Why Luck Matters More Than You Might Think - RachelF
http://www.theatlantic.com/magazine/archive/2016/05/why-luck-matters-more-than-you-might-think/476394/?single_page=true
======
epalmer
> In an unexpected twist, we may even find that recognizing our luck increases
> our good fortune. Social scientists have been studying gratitude intensively
> for almost two decades, and have found that it produces a remarkable array
> of physical, psychological, and social changes.

At 62 years old I have started to reflect on my life and where I am in
relationship to where I wished I was or envisioned in my youth. I have also
reflected on luck and gratitude and faith. I will state right now that when I
was in my late 40's I had to have emergency 4 way bypass. I was lucky that
over the 3 days to get me to the right hospital I did not have a heart attack
but just pain. My surgeon says I was lucky I just did not die suddenly.

While waiting on the doctors to get the paperwork signed by my wife I closed
my eyes and said a little prayer. Now understand I am not a church goer but I
am spiritual and since having an out of body experience at 5 years old always
believed that we are all connected. So I asked God if I would be okay and to
take care of my family should I die. God talked to me, or I imagined God
talked to me. The difference to me does not matter. The content of what God
said matters. "You will be alright and it is not about you, it is about the
kids." I thought this was about my kids but I have come to believe that it is
about many kids. So I work at a University now, I support FIRST Robotics in
many ways, I take interns from High School on at work when I can, I mentor an
occasional High School student and I help organize a local annual maker faire
like event called RVA MakerFest.

I don't tell you these things to brag. In fact I just feel lucky that I have a
purpose and can help in some small way to increase the success of a few youth.
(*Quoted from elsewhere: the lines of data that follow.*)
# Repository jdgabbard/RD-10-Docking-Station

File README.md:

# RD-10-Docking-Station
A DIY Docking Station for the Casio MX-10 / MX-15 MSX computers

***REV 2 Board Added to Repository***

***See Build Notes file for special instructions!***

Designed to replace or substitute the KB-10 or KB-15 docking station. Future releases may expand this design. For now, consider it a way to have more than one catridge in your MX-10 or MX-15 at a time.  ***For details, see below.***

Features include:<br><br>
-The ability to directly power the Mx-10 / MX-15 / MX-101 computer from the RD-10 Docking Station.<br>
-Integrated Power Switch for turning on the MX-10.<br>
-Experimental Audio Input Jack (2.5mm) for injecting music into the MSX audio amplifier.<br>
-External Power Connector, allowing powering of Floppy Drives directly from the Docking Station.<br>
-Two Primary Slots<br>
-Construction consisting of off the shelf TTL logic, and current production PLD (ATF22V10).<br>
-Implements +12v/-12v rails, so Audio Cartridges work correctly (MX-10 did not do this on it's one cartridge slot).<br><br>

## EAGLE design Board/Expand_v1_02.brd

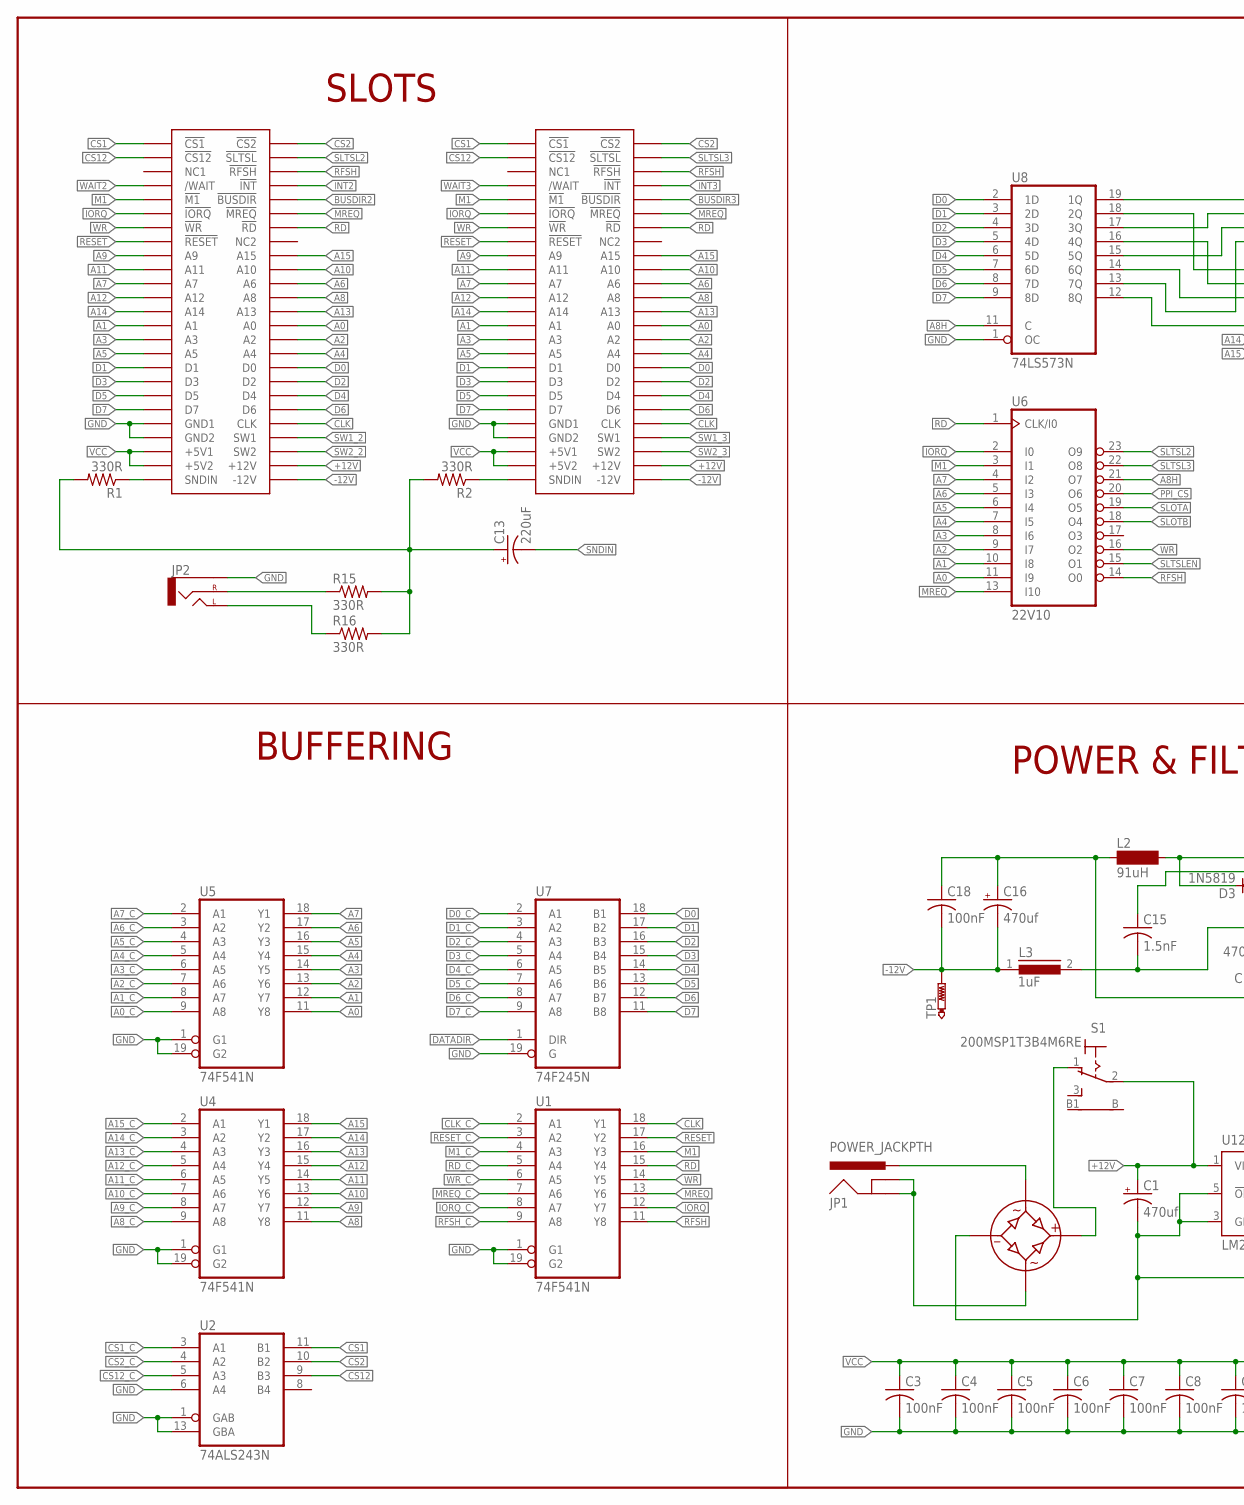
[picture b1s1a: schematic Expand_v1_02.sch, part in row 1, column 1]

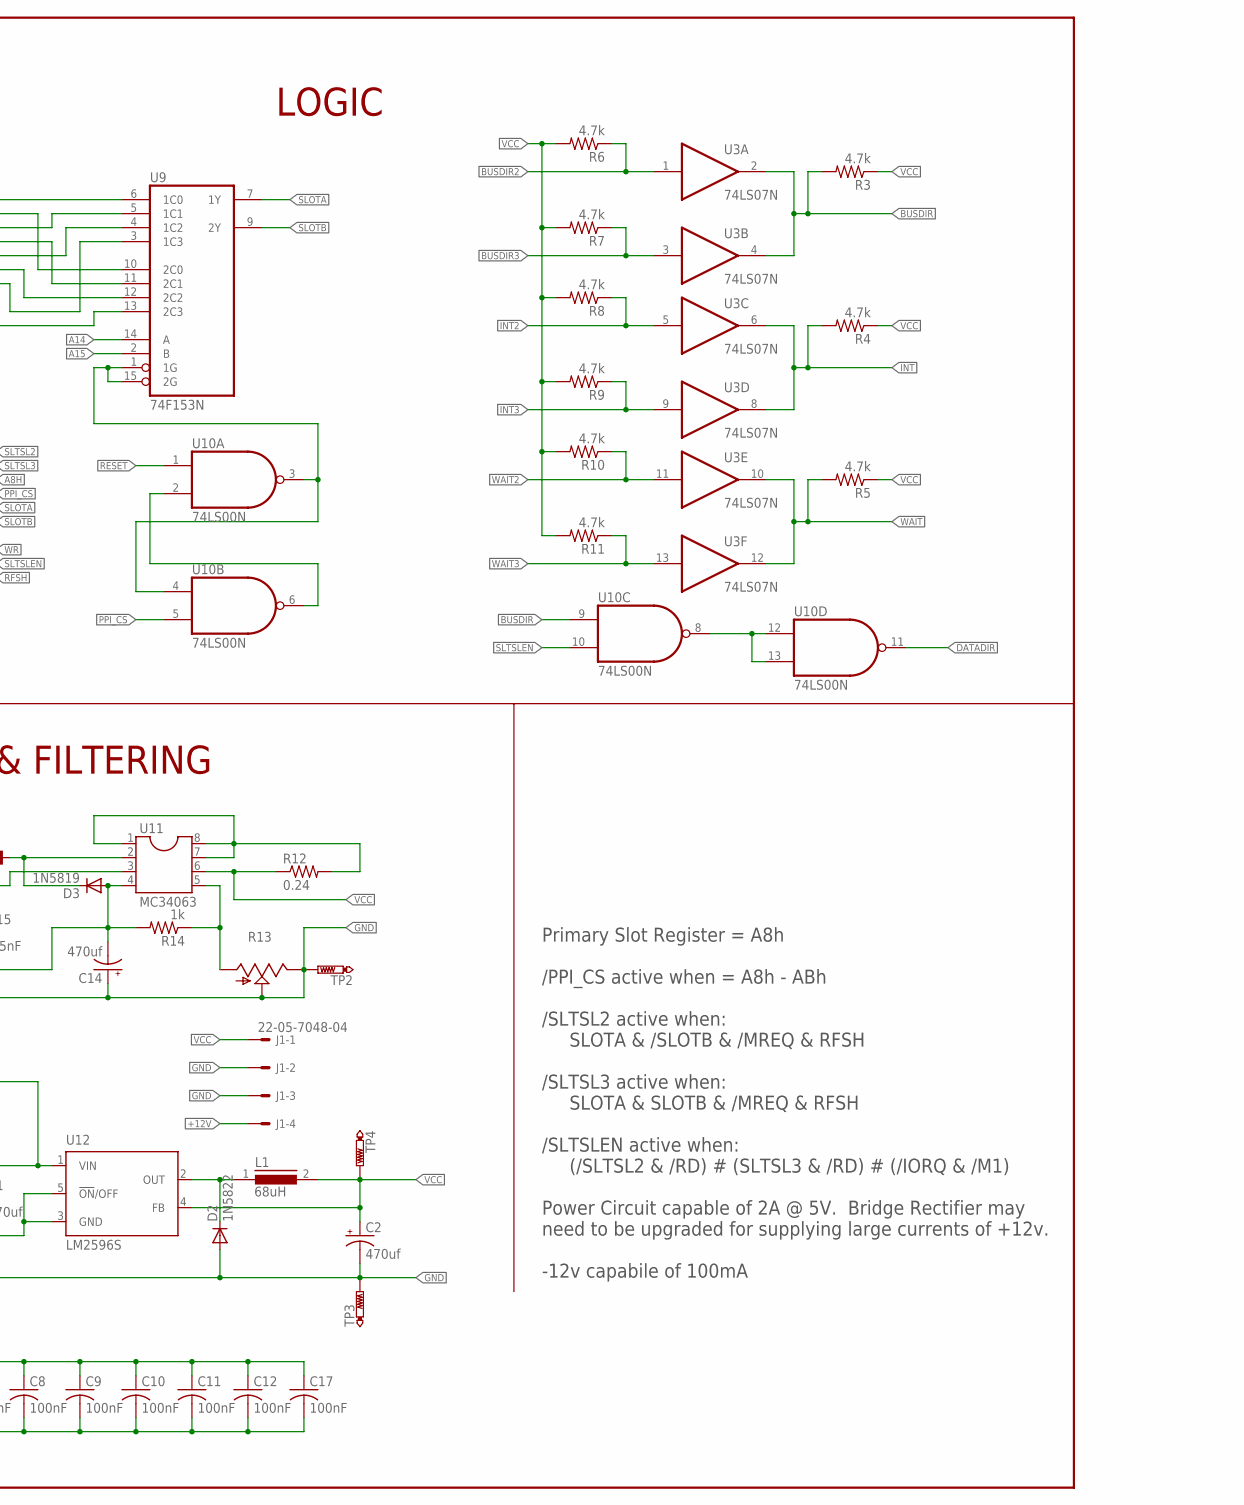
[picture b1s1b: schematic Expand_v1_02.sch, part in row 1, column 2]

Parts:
C1, C2, C14, C16: 470uf; E5-10,5
C3, C4, C5, C6, C7, C8, C9, C10, C11, C12, C17, C18: 100nF; C050-030X075
C13: 220uF; E2-4
C15: 1.5nF; C050-030X075
CONN2, CONN3: MSX_CART_SLOT; CART_SLOT
D1: 2W10
D2: 1N5822; DO201-15
D3: 1N5819; DO15-12
J1: 22-05-7048-04; 7395-04
JP1: POWER_JACKPTH; POWER_JACK_PTH
JP2: AUDIO-JACK1:1; STEREOJACK2.5MM
L1: 68uH; A26GFC
L2: 91uH; BS11
L3: 1uF; MCC10
R1, R2, R15, R16: 330R; 0207/7
R3, R4, R5, R6, R7, R8, R9, R10, R11: 4.7k; 0207/7
R12: 0.24; 0207/10
R13: TRIM_US-RJ9W; RJ9W
R14: 1k; 0207/7
S1: 200MSP1T3B4M6RE; 9070-1W
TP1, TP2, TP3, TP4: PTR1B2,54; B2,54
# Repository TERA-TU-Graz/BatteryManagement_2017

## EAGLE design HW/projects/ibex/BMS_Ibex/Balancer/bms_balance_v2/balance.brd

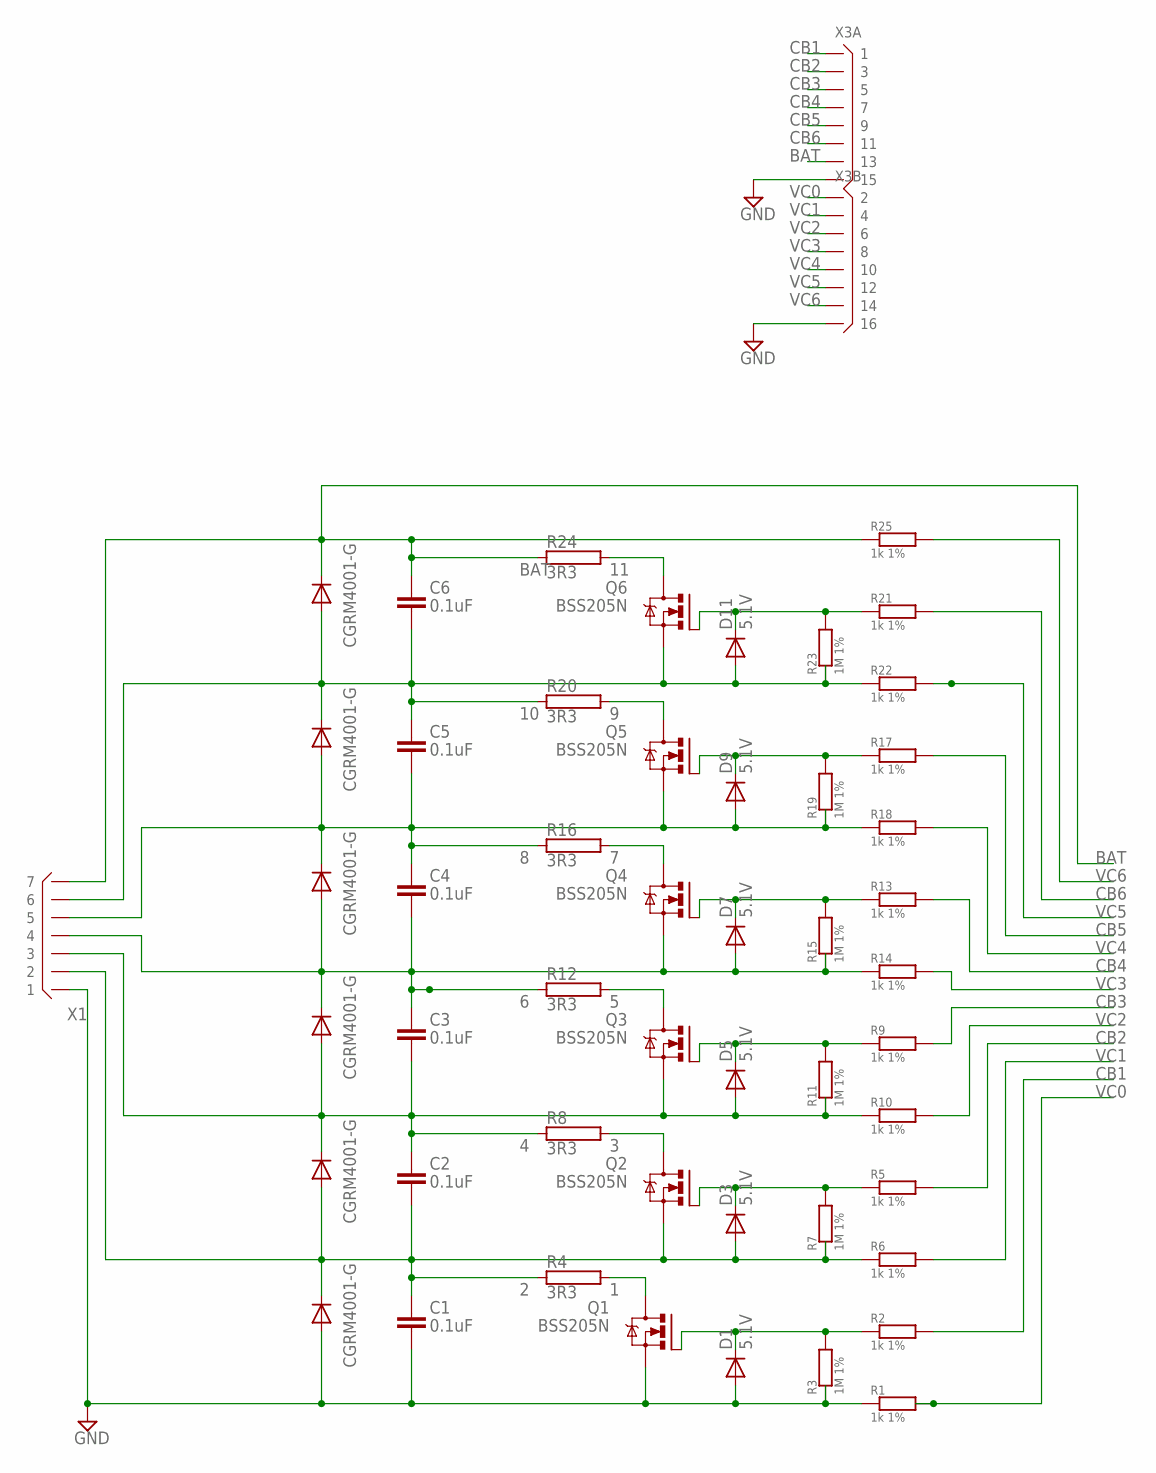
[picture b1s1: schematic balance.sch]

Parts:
C1, C2, C3, C4, C5, C6: 0.1uF; C0805
D1, D3, D5, D7, D9, D11: 5.1V; SOD-323
D2, D4, D6, D8, D10, D12: CGRM4001-G; SOD-123_MINI-SMA
Q1, Q2, Q3, Q4, Q5, Q6: BSS205N; SOT23
R1, R2, R5, R6, R9, R10, R13, R14, R17, R18, R21, R22, R25: 1k 1%; R0805
R3, R7, R11, R15, R19, R23: 1M 1%; R0805
R4, R8, R12, R16, R20, R24: 3R3; HS15
X1: B7B-XH
X3: X08X2DR; X16R-DIL

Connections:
1: Q1.3 (D), R4.2
2: C1.2, C2.1, D2.C, D3.2 (A), D4.A, Q2.2 (S), R4.1, R6.1, R7.1, X1.P$2 (2)
3: Q2.3 (D), R8.2
4: C2.2, C3.1, D4.C, D5.2 (A), D6.A, Q3.2 (S), R8.1, R10.1, R11.1, X1.P$3 (3)
5: Q3.3 (D), R12.2
6: C3.2, C4.1, D6.C, D7.2 (A), D8.A, Q4.2 (S), R12.1, R14.1, R15.1, X1.P$4 (4)
7: Q4.3 (D), R16.2
8: C4.2, C5.1, D8.C, D9.2 (A), D10.A, Q5.2 (S), R16.1, R18.1, R19.1, X1.P$5 (5)
9: Q5.3 (D), R20.2
10: C5.2, C6.1, D10.C, D11.2 (A), D12.A, Q6.2 (S), R20.1, R22.1, R23.1, X1.P$6 (6)
11: Q6.3 (D), R24.2
BAT: C6.2, D12.C, R24.1, R25.1, X1.P$7 (7), X3.13
CB1: R2.2, X3.1
CB2: R5.2, X3.3
CB3: R9.2, X3.5
CB4: R13.2, X3.7
CB5: R17.2, X3.9
CB6: R21.2, X3.11
GND: C1.1, D1.2 (A), D2.A, Q1.2 (S), R1.1, R3.1, X1.P$1 (1), X3.15, X3.16
unnamed: D1.1 (C), Q1.1 (G), R2.1, R3.2
unnamed: D3.1 (C), Q2.1 (G), R5.1, R7.2
unnamed: D5.1 (C), Q3.1 (G), R9.1, R11.2
unnamed: D7.1 (C), Q4.1 (G), R13.1, R15.2
unnamed: D9.1 (C), Q5.1 (G), R17.1, R19.2
unnamed: D11.1 (C), Q6.1 (G), R21.1, R23.2
VC0: R1.2, X3.2
VC1: R6.2, X3.4
VC2: R10.2, X3.6
VC3: R14.2, X3.8
VC4: R18.2, X3.10
VC5: R22.2, X3.12
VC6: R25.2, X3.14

So how does luck and hard work play into this? Well if I had heard God's
message and not acted on it then my life would be different. I would not be
making a difference with youth. If you are a "slacker" most luck is not going
to change that. If you work hard then luck can play an additional role in what
you achieve. I don't consider myself to be successful but I do consider myself
to be happy. And maybe that is all that matters.

I'm lucky that I had an out of body experience (OBE) during a face injury when
I was 5. I realized what the OBE was in college when I was reading some text
about OBE. I am lucky that I had 4 way bypass and yet not a heart attack. I am
lucky that out of 800+ resumes in my job search I found a local university to
work for that is my dream job. I left banking which surely would have killed
me.

I am lucky that I found my lovely wife and had two great kids. I am lucky for
so much more.

I work hard and expect my staff to do the same. Without that hard work I would
not have the time and the money to give back for mentoring youth. I would not
have the ability to act on luck.

I try to reflect on my gratitude everyday. Sometimes during meditation,
sometimes when going to bed, sometimes really at the top of my lungs in the
car with screams of excitement about life. When I do, I see more opportunity
to give more. Some might call this the miracles of coincidence some might call
it abundance. I don't care what it is called. I just know it works for me.